For the string "Conversion", find every matching line in the records and copy it.
***** Raw data *****
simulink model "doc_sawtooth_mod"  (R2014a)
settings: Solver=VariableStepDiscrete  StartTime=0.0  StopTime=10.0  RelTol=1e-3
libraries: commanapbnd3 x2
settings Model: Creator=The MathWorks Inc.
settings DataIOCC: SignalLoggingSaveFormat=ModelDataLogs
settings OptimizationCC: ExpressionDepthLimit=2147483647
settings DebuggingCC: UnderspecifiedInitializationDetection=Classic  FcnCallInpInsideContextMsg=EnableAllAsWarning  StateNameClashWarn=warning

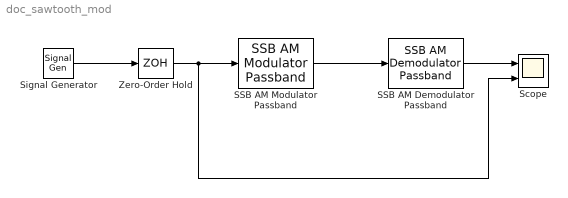
== system doc_sawtooth_mod ==
  SSB AM Demodulator Passband : commanapbnd3/SSB AM Demodulator Passband  Fc=25  Ph=0  method=Butterworth  n=2  cf=30  Rp=0.1  Rs=50
  SSB AM Modulator Passband : commanapbnd3/SSB AM Modulator Passband  Fc=25  Ph=0  Sd=Upper  Ho=200
  Scope : Scope  NumInputPorts=2
      settings: YMin=-5~-5  YMax=5~5
  Signal Generator : SignalGenerator  WaveForm=sawtooth  Amplitude=4  Frequency=.3
  Zero-Order Hold : ZeroOrderHold  SampleTime=.01
  wires:
  Signal Generator/1 -> Zero-Order Hold/1
  Zero-Order Hold/1 -> SSB AM Modulator Passband/1, Scope/2
  SSB AM Modulator Passband/1 -> SSB AM Demodulator Passband/1
  SSB AM Demodulator Passband/1 -> Scope/1
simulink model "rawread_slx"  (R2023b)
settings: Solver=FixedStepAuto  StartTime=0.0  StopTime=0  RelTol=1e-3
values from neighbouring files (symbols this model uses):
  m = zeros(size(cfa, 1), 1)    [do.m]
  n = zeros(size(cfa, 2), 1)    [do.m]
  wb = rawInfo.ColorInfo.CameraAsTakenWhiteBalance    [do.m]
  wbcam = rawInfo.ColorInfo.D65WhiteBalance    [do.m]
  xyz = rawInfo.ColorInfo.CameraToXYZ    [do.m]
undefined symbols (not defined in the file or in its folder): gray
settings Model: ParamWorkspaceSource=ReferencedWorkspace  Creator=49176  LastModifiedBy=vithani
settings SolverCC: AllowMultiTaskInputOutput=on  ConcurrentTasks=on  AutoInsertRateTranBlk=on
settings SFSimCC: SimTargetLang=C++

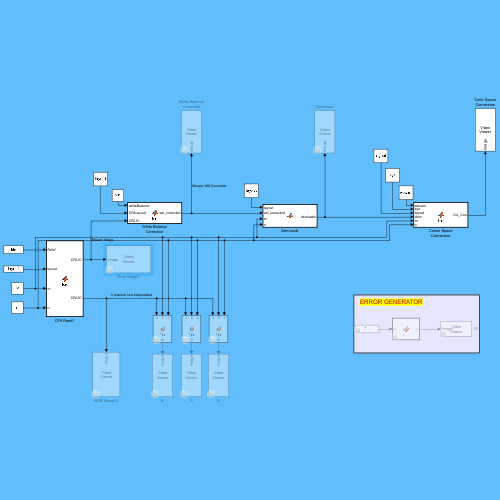
[thumbnail: Simulink's stored preview of the top-level diagram]
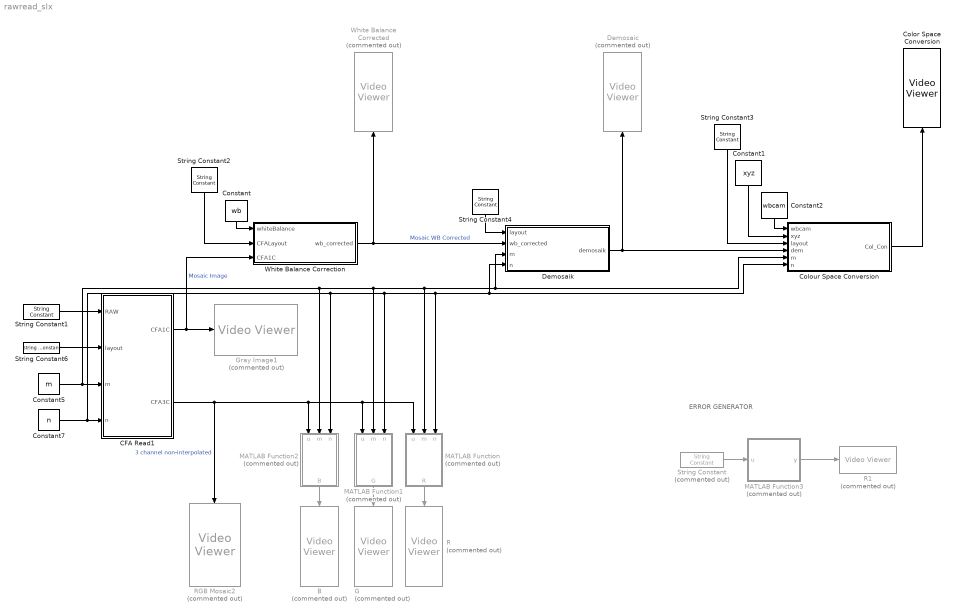
== system rawread_slx ==
  note: ERROR GENERATOR
  B : VideoViewer  Commented=on  colormapValue=gray(256)  FigPos=[1003 1173.33333333333 826.666666666667 737.333333333333]
  CFA Read1 : MATLAB Function  TreatAsAtomicUnit=on
  Color Space Conversion : VideoViewer  colormapValue=gray(256)  FigPos=[771.666666666667 1071.33333333333 884 518]
  Colour Space Conversion : MATLAB Function  TreatAsAtomicUnit=on
  Constant : Constant  Value=wb
  Constant1 : Constant  Value=xyz
  Constant2 : Constant  Value=wbcam
  Constant5 : Constant  Value=m  VectorParams1D=off
  Constant7 : Constant  Value=n  VectorParams1D=off
  Demosaic : VideoViewer  Commented=on  colormapValue=gray(256)  FigPos=[715.666666666667 964 852 619.333333333333]
  Demosaik : MATLAB Function  TreatAsAtomicUnit=on
  G : VideoViewer  Commented=on  colormapValue=gray(256)  FigPos=[819.666666666667 1044.66666666667 714 319.333333333333]
  Gray Image1 : VideoViewer  Commented=on  colormapValue=gray(256)  FigPos=[423 1558.66666666667 1238.66666666667 816.666666666667]
  MATLAB Function : MATLAB Function  Commented=on  TreatAsAtomicUnit=on
  MATLAB Function1 : MATLAB Function  Commented=on  TreatAsAtomicUnit=on
  MATLAB Function2 : MATLAB Function  Commented=on  TreatAsAtomicUnit=on
  MATLAB Function3 : MATLAB Function  Commented=on  TreatAsAtomicUnit=on
  R : VideoViewer  Commented=on  colormapValue=gray(256)  FigPos=[881 962 798.666666666667 486]
  R1 : VideoViewer  Commented=on  colormapValue=gray(256)  FigPos=[881 962 798.666666666667 486]
  RGB Mosaic2 : VideoViewer  Commented=on  colormapValue=gray(256)  FigPos=[924.333333333333 1074.66666666667 930 472]
  String Constant : StringConstant  Commented=on  String=file
  String Constant1 : StringConstant  String=file
  String Constant{2..4,6} (4 alike) : StringConstant  String=layout
  White Balance Corrected : VideoViewer  Commented=on  colormapValue=gray(256)  FigPos=[1323.66666666667 1579.33333333333 958.666666666667 1055.33333333333]
  White Balance Correction : MATLAB Function  TreatAsAtomicUnit=on
  wires:
  CFA Read1/1(CFA1C) -> White Balance Correction/3(CFA1C), Gray Image1/1  "Mosaic Image"
  String Constant1/1 -> CFA Read1/1(RAW)
  CFA Read1/2(CFA3C) -> MATLAB Function/1(u), MATLAB Function1/1(u), MATLAB Function2/1(u), RGB Mosaic2/1  "3 channel non-interpolated"
  MATLAB Function/1(R) -> R/1
  MATLAB Function1/1(G) -> G/1
  MATLAB Function2/1(B) -> B/1
  White Balance Correction/1(wb_corrected) -> White Balance Corrected/1, Demosaik/2(wb_corrected)  "Mosaic WB Corrected"
  Colour Space Conversion/1(Col_Con) -> Color Space Conversion/1
  Constant/1 -> White Balance Correction/1(whiteBalance)
  String Constant2/1 -> White Balance Correction/2(CFALayout)
  Demosaik/1(demosaik) -> Demosaic/1, Colour Space Conversion/4(dem)
  Constant2/1 -> Colour Space Conversion/1(wbcam)
  Constant1/1 -> Colour Space Conversion/2(xyz)
  String Constant3/1 -> Colour Space Conversion/3(layout)
  String Constant4/1 -> Demosaik/1(layout)
  String Constant6/1 -> CFA Read1/2(layout)
  Constant5/1 -> CFA Read1/3(m), MATLAB Function1/2(m), Colour Space Conversion/5(m), Demosaik/3(m), MATLAB Function/2(m), MATLAB Function2/2(m)
  Constant7/1 -> MATLAB Function/3(n), Colour Space Conversion/6(n), Demosaik/4(n), MATLAB Function1/3(n), MATLAB Function2/3(n), CFA Read1/4(n)
  MATLAB Function3/1(y) -> R1/1
  String Constant/1 -> MATLAB Function3/1(u)

== matlab function rawread_slx/CFA Read1 ==
  data: RAW input; CFA1C output; CFA3C output; layout input; m input; n input
function [CFA1C, CFA3C] = fcn(RAW, layout, m, n)

% to mitigate code generation error as limitaion with simulink fcn block
coder.extrinsic("rawread", "rawinfo", "imfinfo","im2uint16");

% global var
a = size(m, 1) ; b = size(n, 1);

% pre-initialising
cfa     = zeros(a, b, "double");
red     = zeros(a, b, "uint16");
blue    = zeros(a, b, "uint16");
green   = zeros(a, b, "uint16");
R       = zeros(a, b, "uint16");
G       = zeros(a, b, "uint16");
B       = zeros(a, b, "uint16");

% raw read and metadata
imgInfo1        = rawinfo(RAW);
imgInfo1        = imfinfo(RAW);
cfa             = im2double(rawread(RAW));


% CFA1C out; default matlab fcn
CFA1C = zeros(a, b, "uint16");

%{--------------- CFA3C begin ---------------%}
% CFA3C algo

i = a; j = b;
red = cfa;
blue = cfa;
green = cfa;

if layout == "RGGB"
    % RED
    for x = 1:i
        even = mod(x,2);
        if even == 0
            red(x, :) = NaN;
        end
    end
    for y = 1:j
        even = mod(y,2);
        if even == 0
            red(:, y) = NaN;
        end
    end
    % BLUE
    for x = 1:i
        even = mod(x, 2);
        if even == 1
            blue(x, :) = NaN;
        end
    end
    for y = 1:j
        even = mod(y, 2);
        if even == 1
            blue(:, y) = NaN;
        end
    end
    % GREEN
    for x = 1:i
        even = mod(x, 2);
        if even == 1
            for y = 1:j
                even = mod(y,2);
                if even == 1
                    green(x, y) = NaN;
                end
            end
        end
        even = mod(x, 2);
        if even ~= 1
            for y = 1:j
                even = mod(y, 2);
                if even == 0
                    green(x, y) = NaN;
                end
            end
        end
    end
end

if layout == "BGGR"
    % RED
    for x = 1:i
        even = mod(x,2);
        if even == 0
            red(x, :) = NaN;
        end
    end
    for y = 1:j
        even = mod(y,2);
        if even == 0
            red(:, y) = NaN;
        end
    end
    % BLUE
    for x = 1:i
        even = mod(x, 2);
        if even == 1
            blue(x, :) = NaN;
        end
    end
    for y = 1:j
        even = mod(y, 2);
        if even == 1
            blue(:, y) = NaN;
        end
    end
    % GREEN
    for x = 1:i
        even = mod(x, 2);
        if even == 1
            for y = 1:j
                even = mod(y,2);
                if even == 1
                    green(x, y) = NaN;
                end
            end
        end
        even = mod(x, 2);
        if even ~= 1
            for y = 1:j
                even = mod(y, 2);
                if even == 0
                    green(x, y) = NaN;
                end
            end
        end
    end
end


if layout == "GRBG"
    % RED
    for x = 1:i
        even = mod(x, 2);
        if even ~= 1
            red(x, :) = NaN;
        end
    end
    for y = 1:j
        even = mod(y, 2);
        if even == 1
            red(:, y) = NaN;
        end
    end

    % BLUE
    for x = 1:i
        even = mod(x, 2);
        if even ~= 0
            blue(x, :) = NaN;
        end
    end
    for y = 1:j
        even = mod(y, 2);
        if even == 0
            blue(:, y) = NaN;
        end
    end
    % GREEN
    for x = 1:i
        even = mod(x, 2);
        if even == 1
            for y = 1:j
                even = mod(y, 2);
                if even ~= 1
                    green(x, y) = NaN;
                end
            end
        end
        even = mod(x, 2);
        if even ~= 1
            for y = 1:j
                even = mod(y, 2);
                if even ~= 0
                    green(x, y) = NaN;
                end
            end
        end
    end
end

if layout == "GBRG"
    % RED
    for x = 1:i
        even = mod(x, 2);
        if even ~= 1
            red(x, :) = NaN;
        end
    end
    for y = 1:j
        even = mod(y, 2);
        if even == 1
            red(:, y) = NaN;
        end
    end

    % BLUE
    for x = 1:i
        even = mod(x, 2);
        if even ~= 0
            blue(x, :) = NaN;
        end
    end
    for y = 1:j
        even = mod(y, 2);
        if even == 0
            blue(:, y) = NaN;
        end
    end
    % GREEN
    for x = 1:i
        even = mod(x, 2);
        if even == 1
            for y = 1:j
                even = mod(y, 2);
                if even ~= 1
                    green(x, y) = NaN;
                end
            end
        end
        even = mod(x, 2);
        if even ~= 1
            for y = 1:j
                even = mod(y, 2);
                if even ~= 0
                    green(x, y) = NaN;
                end
            end
        end
    end
end

% preinitialization
CFA3C = zeros(a, b, 3, "uint16");

CFA3C(:,:,1)=im2uint16(red);
CFA3C(:,:,2)=im2uint16(green);
CFA3C(:,:,3)=im2uint16(blue);

%{--------------- CFA3C end ---------------%}


% output ports
CFA1C = im2uint16(cfa);

== matlab function rawread_slx/MATLAB Function3 ==
  data: u input; y output; A data_store_memory; B data_store_memory
function y = fcn(u)
global A B;
coder.extrinsic('rawread')
y = zeros(2638, 3920, 'uint16')
y = rawread(u);

== matlab function rawread_slx/MATLAB Function ==
  data: u input; R output; m input; n input
function R = fcn(u, m, n)

a = size(m, 1); b = size(n, 1);

R = zeros(a, b, 3, 'uint16');
R(:, :, 1) = u(:, :, 1);

== matlab function rawread_slx/MATLAB Function1 ==
  data: u input; G output; m input; n input
function G = fcn(u, m, n)

a = size(m, 1); b = size(n, 1);

G = zeros(a, b, 3,'uint16');
G(: ,:, 2) = u(:, :, 2);

== matlab function rawread_slx/MATLAB Function2 ==
  data: u input; B output; m input; n input
function B = fcn(u, m, n)

a = size(m, 1); b = size(n, 1);

B = zeros(a, b, 3, 'uint16');
B(:, :, 3) = u(:, :, 3);

== matlab function rawread_slx/Demosaik ==
  data: layout input; wb_corrected input; demosaik output; m input; n input
function demosaik = fcn(layout, wb_corrected, m, n)

% preinitialization




%{--------------- CFA3C BEGIN ---------------%}
% CFA3C algo
wb_corrected = im2double(wb_corrected)

i = size(m, 1); j = size(n, 1);
% i = m; j = n;

red = wb_corrected;
blue = wb_corrected;
green = wb_corrected;


if layout == "RGGB"
    % RED
    for x = 1:i
        even = mod(x,2);
        if even == 0
            red(x, :) = NaN;
        end
    end
    for y = 1:j
        even = mod(y,2);
        if even == 0
            red(:, y) = NaN;
        end
    end
    % BLUE
    for x = 1:i
        even = mod(x, 2);
        if even == 1
            blue(x, :) = NaN;
        end
    end
    for y = 1:j
        even = mod(y, 2);
        if even == 1
            blue(:, y) = NaN;
        end
    end
    % GREEN
    for x = 1:i
        even = mod(x, 2);
        if even == 1
            for y = 1:j
                even = mod(y,2);
                if even == 1
                    green(x, y) = NaN;
                end
            end
        end
        even = mod(x, 2);
        if even ~= 1
            for y = 1:j
                even = mod(y, 2);
                if even == 0
                    green(x, y) = NaN;
                end
            end
        end
    end
end

if layout == "BGGR"
    % RED
    for x = 1:i
        even = mod(x,2);
        if even == 0
            red(x, :) = NaN;
        end
    end
    for y = 1:j
        even = mod(y,2);
        if even == 0
            red(:, y) = NaN;
        end
    end
    % BLUE
    for x = 1:i
        even = mod(x, 2);
        if even == 1
            blue(x, :) = NaN;
        end
    end
    for y = 1:j
        even = mod(y, 2);
        if even == 1
            blue(:, y) = NaN;
        end
    end
    % GREEN
    for x = 1:i
        even = mod(x, 2);
        if even == 1
            for y = 1:j
                even = mod(y,2);
                if even == 1
                    green(x, y) = NaN;
                end
            end
        end
        even = mod(x, 2);
        if even ~= 1
            for y = 1:j
                even = mod(y, 2);
                if even == 0
                    green(x, y) = NaN;
                end
            end
        end
    end
end


if layout == "GRBG"
    % RED
    for x = 1:i
        even = mod(x, 2);
        if even ~= 1
            red(x, :) = NaN;
        end
    end
    for y = 1:j
        even = mod(y, 2);
        if even == 1
            red(:, y) = NaN;
        end
    end

    % BLUE
    for x = 1:i
        even = mod(x, 2);
        if even ~= 0
            blue(x, :) = NaN;
        end
    end
    for y = 1:j
        even = mod(y, 2);
        if even == 0
            blue(:, y) = NaN;
        end
    end
    % GREEN
    for x = 1:i
        even = mod(x, 2);
        if even == 1
            for y = 1:j
                even = mod(y, 2);
                if even ~= 1
                    green(x, y) = NaN;
                end
            end
        end
        even = mod(x, 2);
        if even ~= 1
            for y = 1:j
                even = mod(y, 2);
                if even ~= 0
                    green(x, y) = NaN;
                end
            end
        end
    end
end

if layout == "GBRG"
    % RED
    for x = 1:i
        even = mod(x, 2);
        if even ~= 1
            red(x, :) = NaN;
        end
    end
    for y = 1:j
        even = mod(y, 2);
        if even == 1
            red(:, y) = NaN;
        end
    end

    % BLUE
    for x = 1:i
        even = mod(x, 2);
        if even ~= 0
            blue(x, :) = NaN;
        end
    end
    for y = 1:j
        even = mod(y, 2);
        if even == 0
            blue(:, y) = NaN;
        end
    end
    % GREEN
    for x = 1:i
        even = mod(x, 2);
        if even == 1
            for y = 1:j
                even = mod(y, 2);
                if even ~= 1
                    green(x, y) = NaN;
                end
            end
        end
        even = mod(x, 2);
        if even ~= 1
            for y = 1:j
                even = mod(y, 2);
                if even ~= 0
                    green(x, y) = NaN;
                end
            end
        end
    end
end


%{--------------- CFA3C END ---------------%}


%{--------------- DEMOSAIC BEGIN ---------------%}

img_mosaik = zeros(i, j, 3);
img_mosaik = zeros(i, j, 3);
img_mosaik = zeros(i, j, 3);
img_mosaik(:, :, 1) = red;
img_mosaik(:, :, 2) = green;
img_mosaik(:, :, 3) = blue;
demosaik = img_mosaik;

for x = 2:(i - 2)
    for y = 2:(j - 2)
        if isnan(demosaik(x, y, 1))
            demosaik(x, y, 1) = (demosaik(x, y - 1, 1) + demosaik(x, y + 1, 1)) / 2;
        end
    end
end
for x = 2:(i - 2)
    for y = 1:(j - 2)
        if isnan(demosaik(x, y, 1))
            demosaik(x, y, 1) = (demosaik(x - 1, y, 1)+demosaik(x + 1, y, 1)) / 2;
        end
    end
end

for x = 2:(i - 2)
    for y = 2:(j - 2)
        if isnan(demosaik(x, y, 2))
            demosaik(x, y, 2) = (demosaik(x - 1, y, 2) + demosaik(x, y - 1, 2) + demosaik(x, y + 1, 2) + demosaik(x + 1, y, 2)) / 4;
        end
    end
end

for x = 2:(i - 2)
    for y = 2:(j - 2)
        if isnan(demosaik(x, y, 3))
            demosaik(x, y, 3) = (demosaik(x, y - 1, 3) + demosaik(x, y + 1, 3)) / 2;
        end
    end
end
for x = 2:(i - 2)
    for y = 2:(j - 2)
        if isnan(demosaik(x, y, 3))
            demosaik(x, y, 3) = (demosaik(x-1, y, 3) + demosaik(x + 1, y, 3)) / 2;
        end
    end
end

if contains(layout, "BGGR")
    allo1 = demosaik(:, :, 1);
    allo3 = demosaik(:, :, 3);
    demosaik(:, :, 1) = allo3;
    demosaik(:, :, 3) = allo1;
end
if contains(layout, "GBRG")
    allo1 = demosaik(:, :, 1);
    allo3 = demosaik(:, :, 3);
    demosaik(:, :, 1) = allo3;
    demosaik(:, :, 3) = allo1;
end

%{--------------- DEMOSAIC END ---------------%}

== matlab function rawread_slx/White Balance Correction ==
  data: whiteBalance input; CFALayout input; wb_corrected output; CFA1C input
function wb_corrected = fcn(whiteBalance, CFALayout, CFA1C)

coder.extrinsic("rawinfo")

% wb as green channel
gLoc = strfind(CFALayout,"G");
gLoc = gLoc(1);

% CFA1C feature scaling / normalization
CFA1C = double(CFA1C)
maxValue = max(CFA1C(:))
CFA1C = CFA1C ./ maxValue


% wb array construction
whiteBalance = whiteBalance/whiteBalance(gLoc);
whiteBalance = reshape(whiteBalance,2,2)
dim = size(CFA1C)./size(whiteBalance)
whiteBalance = repmat(whiteBalance,dim)

% wb array dot-product with CFA1C
CFA1C = im2uint16(CFA1C.* whiteBalance)

% output
wb_corrected = CFA1C;

== matlab function rawread_slx/Colour Space Conversion ==
  data: wbcam input; xyz input; layout input; dem input; Col_Con output; m input; n input
function Col_Con = fcn(wbcam, xyz, layout, dem, m, n)

coder.extrinsic("imapplymatrix","xyz2rgb");

i = size(m, 1); j = size(n, 1);
% pre-initalizing
Col_Con = zeros(i, j, 3, "uint16");
wbIdx = zeros(1, 3)


wbIdx(1) = strfind(layout,"R")
gidx = strfind(layout,"G")
wbIdx(2) = gidx(1)
wbIdx(3) = strfind(layout,"B")

wbcam = wbcam'
wbCoeffs = wbcam(wbIdx)
xyz = xyz ./ wbCoeffs

imXYZ = imapplymatrix(xyz, im2double(dem));
Col_Con = xyz2rgb(imXYZ, OutputType="uint16");
*****
• **Solution for this exercise**
  Color Space Conversion : VideoViewer  colormapValue=gray(256)  FigPos=[771.666666666667 1071.33333333333 884 518]
  Colour Space Conversion : MATLAB Function  TreatAsAtomicUnit=on
  Colour Space Conversion/1(Col_Con) -> Color Space Conversion/1
  Demosaik/1(demosaik) -> Demosaic/1, Colour Space Conversion/4(dem)
  Constant2/1 -> Colour Space Conversion/1(wbcam)
  Constant1/1 -> Colour Space Conversion/2(xyz)
  String Constant3/1 -> Colour Space Conversion/3(layout)
  Constant5/1 -> CFA Read1/3(m), MATLAB Function1/2(m), Colour Space Conversion/5(m), Demosaik/3(m), MATLAB Function/2(m), MATLAB Function2/2(m)
  Constant7/1 -> MATLAB Function/3(n), Colour Space Conversion/6(n), Demosaik/4(n), MATLAB Function1/3(n), MATLAB Function2/3(n), CFA Read1/4(n)
== matlab function rawread_slx/Colour Space Conversion ==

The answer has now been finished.